SECTION 1. Chapter 15D of the General Laws, as appearing in the 2012 Official Edition, is hereby amended by adding the following section:-
Section 19. (a) For the purposes of this section, the following words shall have the following meanings unless the context clearly requires otherwise:
“Evidence-based programs”, home visiting programs that are based on clear and consistent program models that (i) provide researched-based services, grounded in relevant, empirical knowledge with measurable outcomes; (ii) are governed by a program manual or design that specifies the purpose, outcomes, duration, and frequency of service that constitutes the program; (iii) employ well-trained staff and provide continuous professional development and supervision relevant to the specific program model being delivered; (iv) demonstrate strong links to other community based services; focusing on early childhood and family support programs; and (v) operate within an organization that ensures program fidelity.

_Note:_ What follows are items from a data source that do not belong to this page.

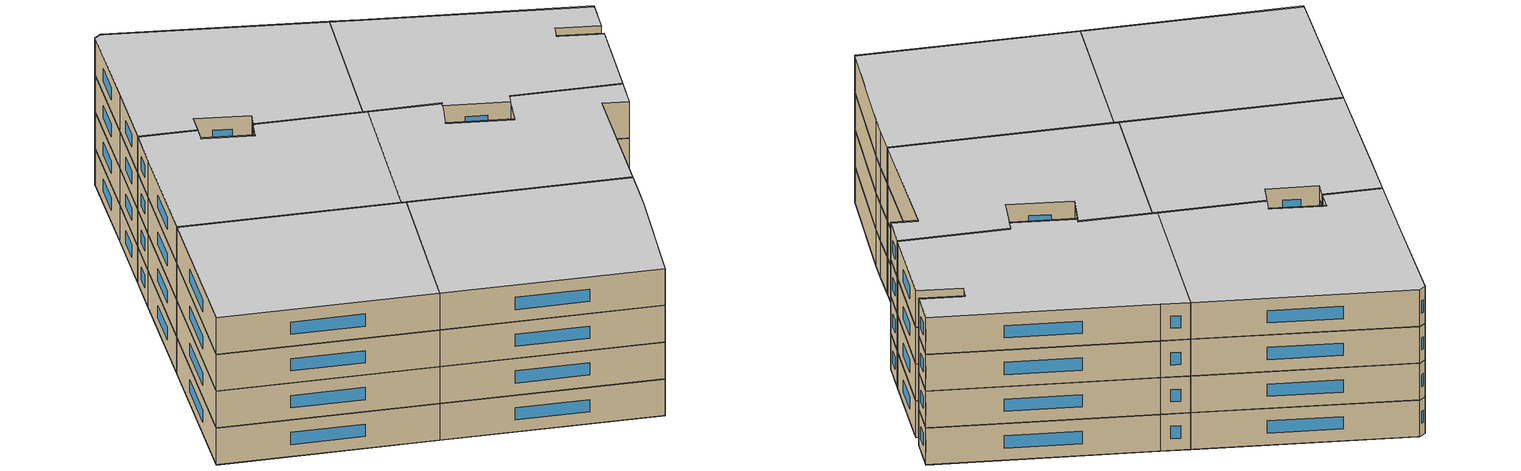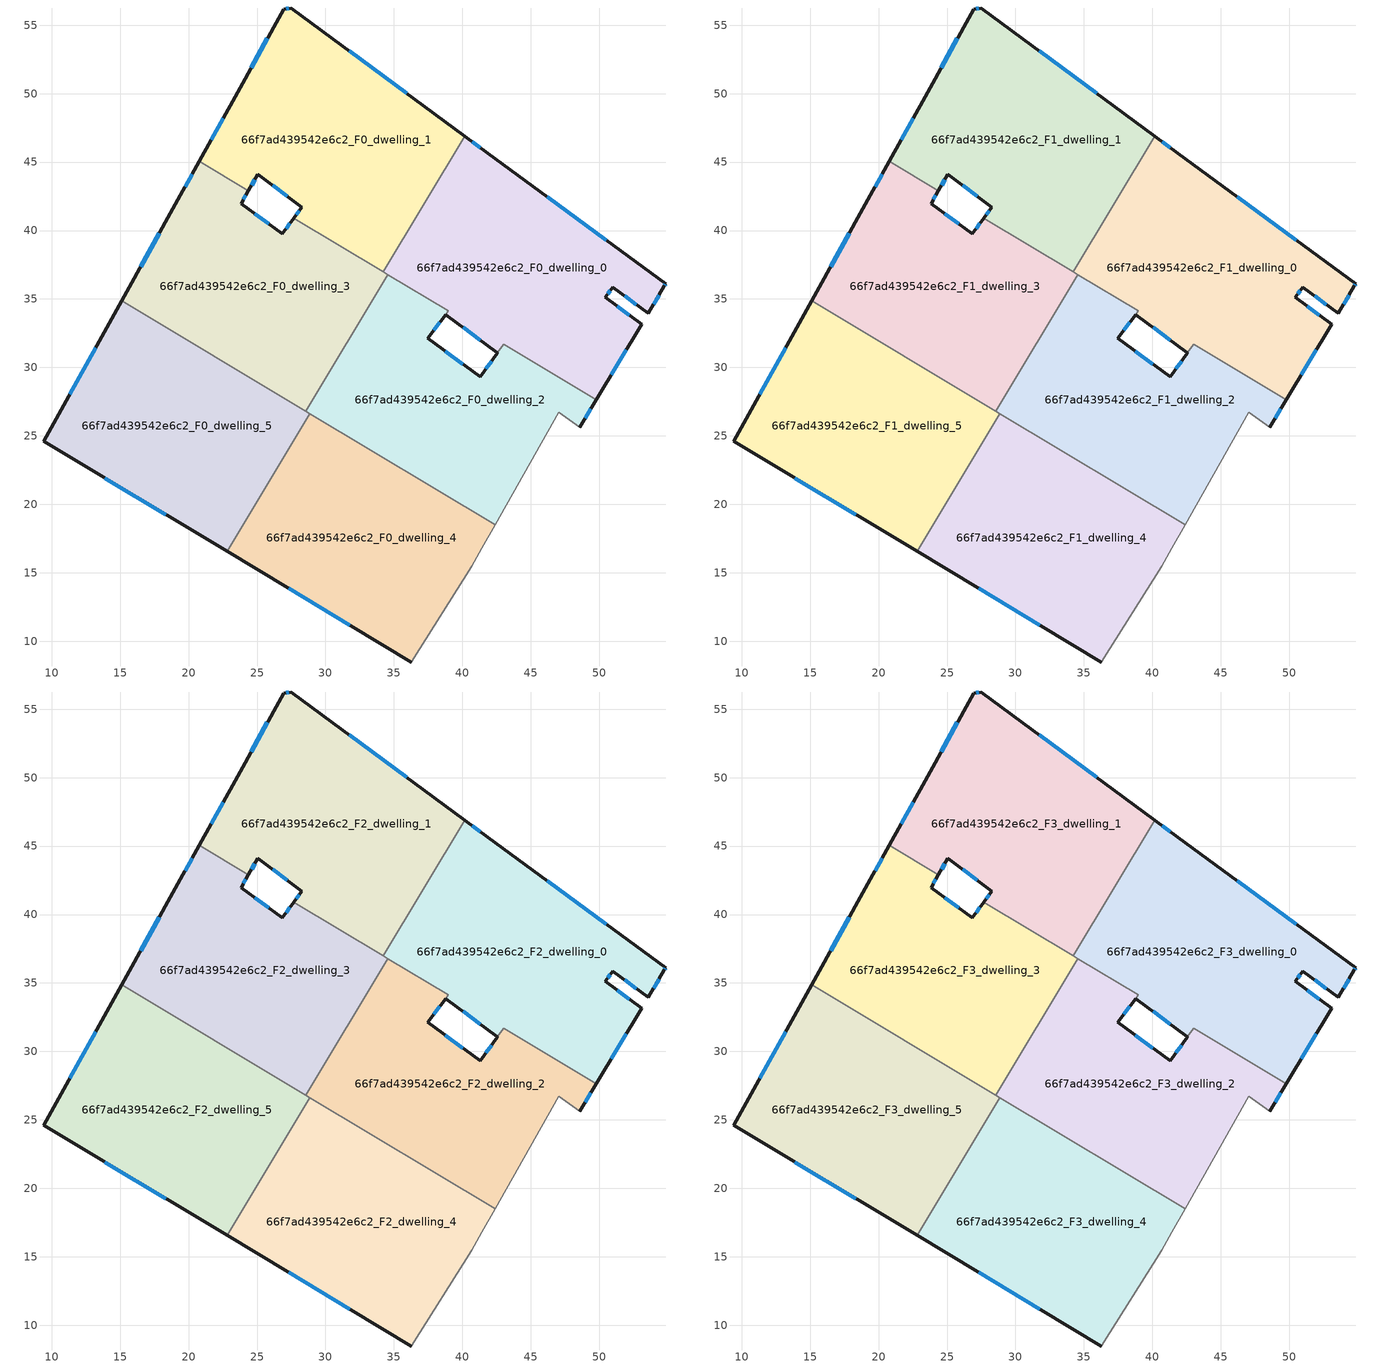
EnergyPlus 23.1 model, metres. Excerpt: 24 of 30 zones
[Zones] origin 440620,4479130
66f7ad439542e6c2_F0_dwelling_0
 floor ground (EU_floor_Construction): 49.79,27.64 53.09,33.14 50.44,35.12 51,35.85 53.57,33.96 54.76,35.96 54.86,36.11 41.85,45.65 40.17,46.89 34.23,36.98 38.98,34.12 38.79,33.86 42.56,31.06 43.02,31.71 z0
 wall outside (EU_wall_Construction): 40.17,46.89 41.85,45.65 54.86,36.11 54.76,35.96 53.57,33.96 51,35.85 50.44,35.12 53.09,33.14 49.79,27.64 / 42.56,31.06 38.79,33.86 z0:3; 38.98,34.12,3 38.98,34.13,0 38.98,34.13,3
 wall to 66f7ad439542e6c2_F0_dwelling_1 (EU_wall_Construction): 34.23,36.98 40.17,46.89 z0:3
 wall to 66f7ad439542e6c2_F0_dwelling_2 (EU_wall_Construction): 43.02,31.71 42.56,31.06 / 38.98,34.13 34.55,36.78 / 49.79,27.64 43.02,31.7 / 38.79,33.86 38.98,34.12 z0:3; 43.02,31.7,2.97 43.02,31.7,0 43.02,31.71,0
 wall to 66f7ad439542e6c2_F0_dwelling_3 (EU_wall_Construction): 34.55,36.78 34.23,36.98 z0:3
 window (EU_Window_Construction): 40.73,46.47 41.29,46.06 / 46.2,42.46 50.51,39.3 / 54.83,36.06 54.79,36.01 / 54.36,35.29 53.97,34.63 / 52.71,34.59 51.86,35.22 / 50.81,35.61 50.63,35.37 / 51.33,34.46 52.2,33.8 / 51.98,31.3 50.89,29.48 / 41.3,32 40.05,32.93 z1:2
66f7ad439542e6c2_F0_dwelling_1
 floor ground (EU_floor_Construction): 34.23,36.98 40.17,46.89 27.5,56.25 26.94,56.17 23.41,49.76 20.78,45.04 24.36,42.89 25.07,44.12 28.26,41.7 27.69,40.9 z0
 wall outside (EU_wall_Construction): 20.78,45.04 23.41,49.76 26.94,56.17 27.5,56.25 40.17,46.89 / 27.69,40.9 28.26,41.7 25.07,44.12 24.36,42.89 z0:3
 wall to 66f7ad439542e6c2_F0_dwelling_3 (EU_wall_Construction): 24.36,42.89 20.78,45.04 / 34.23,36.98 27.69,40.9 z0:3
 window (EU_Window_Construction): 27.19,42.5 26.13,43.31 / 24.83,43.71 24.6,43.3 / 21.66,46.62 22.53,48.18 / 24.59,51.9 25.76,54.03 / 27.13,56.2 27.32,56.23 / 31.74,53.12 35.94,50.02 / 27.88,41.17 28.07,41.43 z1:2
66f7ad439542e6c2_F0_dwelling_2
 floor ground (EU_floor_Construction): 48.58,25.63 49.79,27.64 43.02,31.71 42.55,31.05 41.3,29.3 37.49,32.13 38.98,34.13 34.55,36.78 28.57,26.8 42.4,18.51 47.03,26.73 z0
 wall outside (EU_wall_Construction): 49.79,27.64 48.58,25.63 / 38.79,33.86 37.49,32.13 41.3,29.3 42.55,31.05 z0:3; 38.98,34.12,3 38.98,34.13,0 38.98,34.12,0; 42.56,31.06,3 42.55,31.05,0 42.56,31.06,0
 wall adiabatic (EU_wall_Construction): 48.58,25.63 47.03,26.73 42.4,18.51 z0:3
 wall to 66f7ad439542e6c2_F0_dwelling_3 (EU_wall_Construction): 28.57,26.8 34.55,36.78 z0:3
 wall to 66f7ad439542e6c2_F0_dwelling_4 (EU_wall_Construction): 42.4,18.51 28.85,26.63 z0:3
 wall to 66f7ad439542e6c2_F0_dwelling_5 (EU_wall_Construction): 28.85,26.63 28.57,26.8 z0:3
 window (EU_Window_Construction): 49.38,26.97 48.98,26.3 / 38.76,31.19 40.03,30.25 / 41.72,29.89 42.14,30.47 / 38.35,33.28 37.92,32.71 z1:2
66f7ad439542e6c2_F0_dwelling_3
 floor ground (EU_floor_Construction): 28.57,26.8 34.55,36.78 27.69,40.9 26.85,39.75 23.84,41.97 24.36,42.89 20.78,45.04 19.23,42.27 15.12,34.87 z0
 wall outside (EU_wall_Construction): 24.36,42.89 23.84,41.97 26.85,39.75 27.69,40.9 / 15.12,34.87 19.23,42.27 20.78,45.04 z0:3
 wall to 66f7ad439542e6c2_F0_dwelling_5 (EU_wall_Construction): 28.57,26.8 15.12,34.87 z0:3
 window (EU_Window_Construction): 19.75,43.19 20.26,44.12 / 24.19,42.59 24.01,42.28 / 24.85,41.23 25.85,40.49 / 27.13,40.14 27.41,40.52 / 16.49,37.34 17.85,39.79 z1:2
66f7ad439542e6c2_F0_dwelling_4
 floor ground (EU_floor_Construction): 36.28,8.48 40.68,15.49 41.43,16.79 42.4,18.51 28.85,26.63 22.81,16.56 z0
 wall outside (EU_wall_Construction): 36.28,8.48 22.81,16.56 z0:3
 wall to 66f7ad439542e6c2_F0_dwelling_5 (EU_wall_Construction): 22.81,16.56 28.85,26.63 z0:3
 wall adiabatic (EU_wall_Construction): 42.4,18.51 41.43,16.79 40.68,15.49 36.28,8.48 z0:3
 window (EU_Window_Construction): 31.78,11.18 27.31,13.86 z1:2
66f7ad439542e6c2_F0_dwelling_5
 floor ground (EU_floor_Construction): 22.81,16.56 28.85,26.63 15.12,34.87 9.42,24.59 z0
 wall outside (EU_wall_Construction): 22.81,16.56 9.42,24.59 15.12,34.87 z0:3
 window (EU_Window_Construction): 18.33,19.25 13.9,21.91 / 11.33,28.03 13.22,31.43 z1:2
66f7ad439542e6c2_F1_dwelling_0
 floor to 66f7ad439542e6c2_F0_dwelling_0 (EU_floor_Construction): 49.79,27.64 53.09,33.14 50.44,35.12 51,35.85 53.57,33.96 54.76,35.96 54.86,36.11 41.85,45.65 40.17,46.89 34.23,36.98 38.98,34.12 38.79,33.86 42.56,31.06 43.02,31.71 z3
 wall outside (EU_wall_Construction): 40.17,46.89 41.85,45.65 54.86,36.11 54.76,35.96 53.57,33.96 51,35.85 50.44,35.12 53.09,33.14 49.79,27.64 / 42.56,31.06 38.79,33.86 z3:6; 38.98,34.12,6 38.98,34.13,3 38.98,34.13,6
 wall to 66f7ad439542e6c2_F1_dwelling_1 (EU_wall_Construction): 34.23,36.98 40.17,46.89 z3:6
 wall to 66f7ad439542e6c2_F1_dwelling_2 (EU_wall_Construction): 43.02,31.71 42.56,31.06 / 38.98,34.13 34.55,36.78 / 49.79,27.64 43.02,31.7 / 38.79,33.86 38.98,34.12 z3:6; 43.02,31.7,5.97 43.02,31.7,3 43.02,31.71,3
 wall to 66f7ad439542e6c2_F1_dwelling_3 (EU_wall_Construction): 34.55,36.78 34.23,36.98 z3:6
 window (EU_Window_Construction): 40.73,46.47 41.29,46.06 / 46.2,42.46 50.51,39.3 / 54.83,36.06 54.79,36.01 / 54.36,35.29 53.97,34.63 / 52.71,34.59 51.86,35.22 / 50.81,35.61 50.63,35.37 / 51.33,34.46 52.2,33.8 / 51.98,31.3 50.89,29.48 / 41.3,32 40.05,32.93 z4:5
66f7ad439542e6c2_F1_dwelling_1
 floor to 66f7ad439542e6c2_F0_dwelling_1 (EU_floor_Construction): 34.23,36.98 40.17,46.89 27.5,56.25 26.94,56.17 23.41,49.76 20.78,45.04 24.36,42.89 25.07,44.12 28.26,41.7 27.69,40.9 z3
 wall outside (EU_wall_Construction): 20.78,45.04 23.41,49.76 26.94,56.17 27.5,56.25 40.17,46.89 / 27.69,40.9 28.26,41.7 25.07,44.12 24.36,42.89 z3:6
 wall to 66f7ad439542e6c2_F1_dwelling_3 (EU_wall_Construction): 24.36,42.89 20.78,45.04 / 34.23,36.98 27.69,40.9 z3:6
 window (EU_Window_Construction): 27.19,42.5 26.13,43.31 / 24.83,43.71 24.6,43.3 / 21.66,46.62 22.53,48.18 / 24.59,51.9 25.76,54.03 / 27.13,56.2 27.32,56.23 / 31.74,53.12 35.94,50.02 / 27.88,41.17 28.07,41.43 z4:5
66f7ad439542e6c2_F1_dwelling_2
 floor to 66f7ad439542e6c2_F0_dwelling_2 (EU_floor_Construction): 48.58,25.63 49.79,27.64 43.02,31.71 41.3,29.3 37.49,32.13 38.98,34.12 34.55,36.78 28.57,26.8 42.4,18.51 47.03,26.73 z3
 wall outside (EU_wall_Construction): 49.79,27.64 48.58,25.63 / 38.79,33.86 37.49,32.13 41.3,29.3 42.55,31.05 z3:6; 38.98,34.12,6 38.98,34.13,3 38.98,34.12,3; 42.56,31.06,6 42.55,31.05,3 42.56,31.06,3
 wall adiabatic (EU_wall_Construction): 48.58,25.63 47.03,26.73 42.4,18.51 z3:6
 wall to 66f7ad439542e6c2_F1_dwelling_3 (EU_wall_Construction): 28.57,26.8 34.55,36.78 z3:6
 wall to 66f7ad439542e6c2_F1_dwelling_4 (EU_wall_Construction): 42.4,18.51 28.85,26.63 z3:6
 wall to 66f7ad439542e6c2_F1_dwelling_5 (EU_wall_Construction): 28.85,26.63 28.57,26.8 z3:6
 window (EU_Window_Construction): 49.38,26.97 48.98,26.3 / 38.76,31.19 40.03,30.25 / 41.72,29.89 42.14,30.47 / 38.35,33.28 37.92,32.71 z4:5
66f7ad439542e6c2_F1_dwelling_3
 floor to 66f7ad439542e6c2_F0_dwelling_3 (EU_floor_Construction): 28.57,26.8 34.55,36.78 27.69,40.9 26.85,39.75 23.84,41.97 24.36,42.89 20.78,45.04 19.23,42.27 15.12,34.87 z3
 wall outside (EU_wall_Construction): 24.36,42.89 23.84,41.97 26.85,39.75 27.69,40.9 / 15.12,34.87 19.23,42.27 20.78,45.04 z3:6
 wall to 66f7ad439542e6c2_F1_dwelling_5 (EU_wall_Construction): 28.57,26.8 15.12,34.87 z3:6
 window (EU_Window_Construction): 19.75,43.19 20.26,44.12 / 24.19,42.59 24.01,42.28 / 24.85,41.23 25.85,40.49 / 27.13,40.14 27.41,40.52 / 16.49,37.34 17.85,39.79 z4:5
66f7ad439542e6c2_F1_dwelling_4
 floor to 66f7ad439542e6c2_F0_dwelling_4 (EU_floor_Construction): 36.28,8.48 40.68,15.49 41.43,16.79 42.4,18.51 28.85,26.63 22.81,16.56 z3
 wall outside (EU_wall_Construction): 36.28,8.48 22.81,16.56 z3:6
 wall to 66f7ad439542e6c2_F1_dwelling_5 (EU_wall_Construction): 22.81,16.56 28.85,26.63 z3:6
 wall adiabatic (EU_wall_Construction): 42.4,18.51 41.43,16.79 40.68,15.49 36.28,8.48 z3:6
 window (EU_Window_Construction): 31.78,11.18 27.31,13.86 z4:5
66f7ad439542e6c2_F1_dwelling_5
 floor to 66f7ad439542e6c2_F0_dwelling_5 (EU_floor_Construction): 22.81,16.56 28.85,26.63 15.12,34.87 9.42,24.59 z3
 wall outside (EU_wall_Construction): 22.81,16.56 9.42,24.59 15.12,34.87 z3:6
 window (EU_Window_Construction): 18.33,19.25 13.9,21.91 / 11.33,28.03 13.22,31.43 z4:5
66f7ad439542e6c2_F2_dwelling_0
 floor to 66f7ad439542e6c2_F1_dwelling_0 (EU_floor_Construction): 49.79,27.64 53.09,33.14 50.44,35.12 51,35.85 53.57,33.96 54.76,35.96 54.86,36.11 41.85,45.65 40.17,46.89 34.23,36.98 38.98,34.12 38.79,33.86 42.56,31.06 43.02,31.71 z6
 wall outside (EU_wall_Construction): 40.17,46.89 41.85,45.65 54.86,36.11 54.76,35.96 53.57,33.96 51,35.85 50.44,35.12 53.09,33.14 49.79,27.64 / 42.56,31.06 38.79,33.86 z6:9; 38.98,34.12,9 38.98,34.13,6 38.98,34.13,9
 wall to 66f7ad439542e6c2_F2_dwelling_1 (EU_wall_Construction): 34.23,36.98 40.17,46.89 z6:9
 wall to 66f7ad439542e6c2_F2_dwelling_2 (EU_wall_Construction): 43.02,31.71 42.56,31.06 / 38.98,34.13 34.55,36.78 / 49.79,27.64 43.02,31.7 / 38.79,33.86 38.98,34.12 z6:9; 43.02,31.7,8.97 43.02,31.7,6 43.02,31.71,6
 wall to 66f7ad439542e6c2_F2_dwelling_3 (EU_wall_Construction): 34.55,36.78 34.23,36.98 z6:9
 window (EU_Window_Construction): 40.73,46.47 41.29,46.06 / 46.2,42.46 50.51,39.3 / 54.83,36.06 54.79,36.01 / 54.36,35.29 53.97,34.63 / 52.71,34.59 51.86,35.22 / 50.81,35.61 50.63,35.37 / 51.33,34.46 52.2,33.8 / 51.98,31.3 50.89,29.48 / 41.3,32 40.05,32.93 z7:8
66f7ad439542e6c2_F2_dwelling_1
 floor to 66f7ad439542e6c2_F1_dwelling_1 (EU_floor_Construction): 34.23,36.98 40.17,46.89 27.5,56.25 26.94,56.17 23.41,49.76 20.78,45.04 24.36,42.89 25.07,44.12 28.26,41.7 27.69,40.9 z6
 wall outside (EU_wall_Construction): 20.78,45.04 23.41,49.76 26.94,56.17 27.5,56.25 40.17,46.89 / 27.69,40.9 28.26,41.7 25.07,44.12 24.36,42.89 z6:9
 wall to 66f7ad439542e6c2_F2_dwelling_3 (EU_wall_Construction): 24.36,42.89 20.78,45.04 / 34.23,36.98 27.69,40.9 z6:9
 window (EU_Window_Construction): 27.19,42.5 26.13,43.31 / 24.83,43.71 24.6,43.3 / 21.66,46.62 22.53,48.18 / 24.59,51.9 25.76,54.03 / 27.13,56.2 27.32,56.23 / 31.74,53.12 35.94,50.02 / 27.88,41.17 28.07,41.43 z7:8
66f7ad439542e6c2_F2_dwelling_2
 floor to 66f7ad439542e6c2_F1_dwelling_2 (EU_floor_Construction): 48.58,25.63 49.79,27.64 43.02,31.71 41.3,29.3 37.49,32.13 38.98,34.12 34.55,36.78 28.57,26.8 42.4,18.51 47.03,26.73 z6
 wall outside (EU_wall_Construction): 49.79,27.64 48.58,25.63 / 38.79,33.86 37.49,32.13 41.3,29.3 42.55,31.05 z6:9; 38.98,34.12,9 38.98,34.13,6 38.98,34.12,6; 42.56,31.06,9 42.55,31.05,6 42.56,31.06,6
 wall adiabatic (EU_wall_Construction): 48.58,25.63 47.03,26.73 42.4,18.51 z6:9
 wall to 66f7ad439542e6c2_F2_dwelling_3 (EU_wall_Construction): 28.57,26.8 34.55,36.78 z6:9
 wall to 66f7ad439542e6c2_F2_dwelling_4 (EU_wall_Construction): 42.4,18.51 28.85,26.63 z6:9
 wall to 66f7ad439542e6c2_F2_dwelling_5 (EU_wall_Construction): 28.85,26.63 28.57,26.8 z6:9
 window (EU_Window_Construction): 49.38,26.97 48.98,26.3 / 38.76,31.19 40.03,30.25 / 41.72,29.89 42.14,30.47 / 38.35,33.28 37.92,32.71 z7:8
66f7ad439542e6c2_F2_dwelling_3
 floor to 66f7ad439542e6c2_F1_dwelling_3 (EU_floor_Construction): 28.57,26.8 34.55,36.78 27.69,40.9 26.85,39.75 23.84,41.97 24.36,42.89 20.78,45.04 19.23,42.27 15.12,34.87 z6
 wall outside (EU_wall_Construction): 24.36,42.89 23.84,41.97 26.85,39.75 27.69,40.9 / 15.12,34.87 19.23,42.27 20.78,45.04 z6:9
 wall to 66f7ad439542e6c2_F2_dwelling_5 (EU_wall_Construction): 28.57,26.8 15.12,34.87 z6:9
 window (EU_Window_Construction): 19.75,43.19 20.26,44.12 / 24.19,42.59 24.01,42.28 / 24.85,41.23 25.85,40.49 / 27.13,40.14 27.41,40.52 / 16.49,37.34 17.85,39.79 z7:8
66f7ad439542e6c2_F2_dwelling_4
 floor to 66f7ad439542e6c2_F1_dwelling_4 (EU_floor_Construction): 36.28,8.48 40.68,15.49 41.43,16.79 42.4,18.51 28.85,26.63 22.81,16.56 z6
 wall outside (EU_wall_Construction): 36.28,8.48 22.81,16.56 z6:9
 wall to 66f7ad439542e6c2_F2_dwelling_5 (EU_wall_Construction): 22.81,16.56 28.85,26.63 z6:9
 wall adiabatic (EU_wall_Construction): 42.4,18.51 41.43,16.79 40.68,15.49 36.28,8.48 z6:9
 window (EU_Window_Construction): 31.78,11.18 27.31,13.86 z7:8
66f7ad439542e6c2_F2_dwelling_5
 floor to 66f7ad439542e6c2_F1_dwelling_5 (EU_floor_Construction): 22.81,16.56 28.85,26.63 15.12,34.87 9.42,24.59 z6
 wall outside (EU_wall_Construction): 22.81,16.56 9.42,24.59 15.12,34.87 z6:9
 window (EU_Window_Construction): 18.33,19.25 13.9,21.91 / 11.33,28.03 13.22,31.43 z7:8
66f7ad439542e6c2_F3_dwelling_0
 floor to 66f7ad439542e6c2_F2_dwelling_0 (EU_floor_Construction): 49.79,27.64 53.09,33.14 50.44,35.12 51,35.85 53.57,33.96 54.76,35.96 54.86,36.11 41.85,45.65 40.17,46.89 34.23,36.98 38.98,34.12 38.79,33.86 42.56,31.06 43.02,31.71 z9
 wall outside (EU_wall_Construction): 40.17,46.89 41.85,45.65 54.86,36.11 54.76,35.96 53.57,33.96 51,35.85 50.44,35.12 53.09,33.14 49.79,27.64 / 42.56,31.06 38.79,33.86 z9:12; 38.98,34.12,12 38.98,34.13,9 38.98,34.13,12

“Home visiting program”, a home based service delivery strategy for pregnant women and families with children up to age 5 that provides culturally sensitive face to face visits by trained and supervised workers to promote positive parenting practices, improve maternal, infant and child health outcomes, build healthy child and parent relationships, support cognitive development of children, improve the health of the family, empower families to be self-sufficient, reduce child maltreatment and injury and increase preparation for a continuum of learning.
“Promising practices programs”, home visiting programs that have not yet met the standard of evidence-based programs but that (i) include data or evidence demonstrating effectiveness at achieving measurable outcomes for pregnant women, infants, children and their families; (ii) include a manual or design that specifies the program’s purpose, outcomes, duration and frequency of service; (iii) employ well-trained and competent staff and provide continuous professional development and supervision relevant to the specific program model being delivered; (iv) demonstrate strong links to other community based services; (v) operate within an organization that ensures compliance with home visiting standards; and (vi) operate with fidelity to the program model.
(b) The Children’s Trust shall collaborate with public and private child serving agencies including but not limited to those licensed by the Executive office of Education and the Executive Office of Health and Human Services to coordinate and deliver evidence-based and promising practices in home visiting services to eligible families. Evidence-based programs shall be linked to program-specific outcomes and shall be associated with a national organization or institution of higher education. Evidence-based programs shall have comprehensive home visiting standards that ensure high quality service delivery and continuous quality improvement, have demonstrated significant, positive outcomes, and have been evaluated using and evaluation results have been published in a or are based on quasi-experimental research using two or more separate, comparable client samples. Promising practice programs shall be evaluated on program data.
(c) Home visiting programs shall be developed using evidence-based or promising practices models that provide culturally sensitive services to parents, infants and children ages 0 to 5, using strength based and relationship focused curriculum; shall maintain high-quality, consistent and continuous training and supervision; shall provide program evaluation to assess efficacy; and shall engage in ongoing process and participant outcomes measurement to assess effectiveness.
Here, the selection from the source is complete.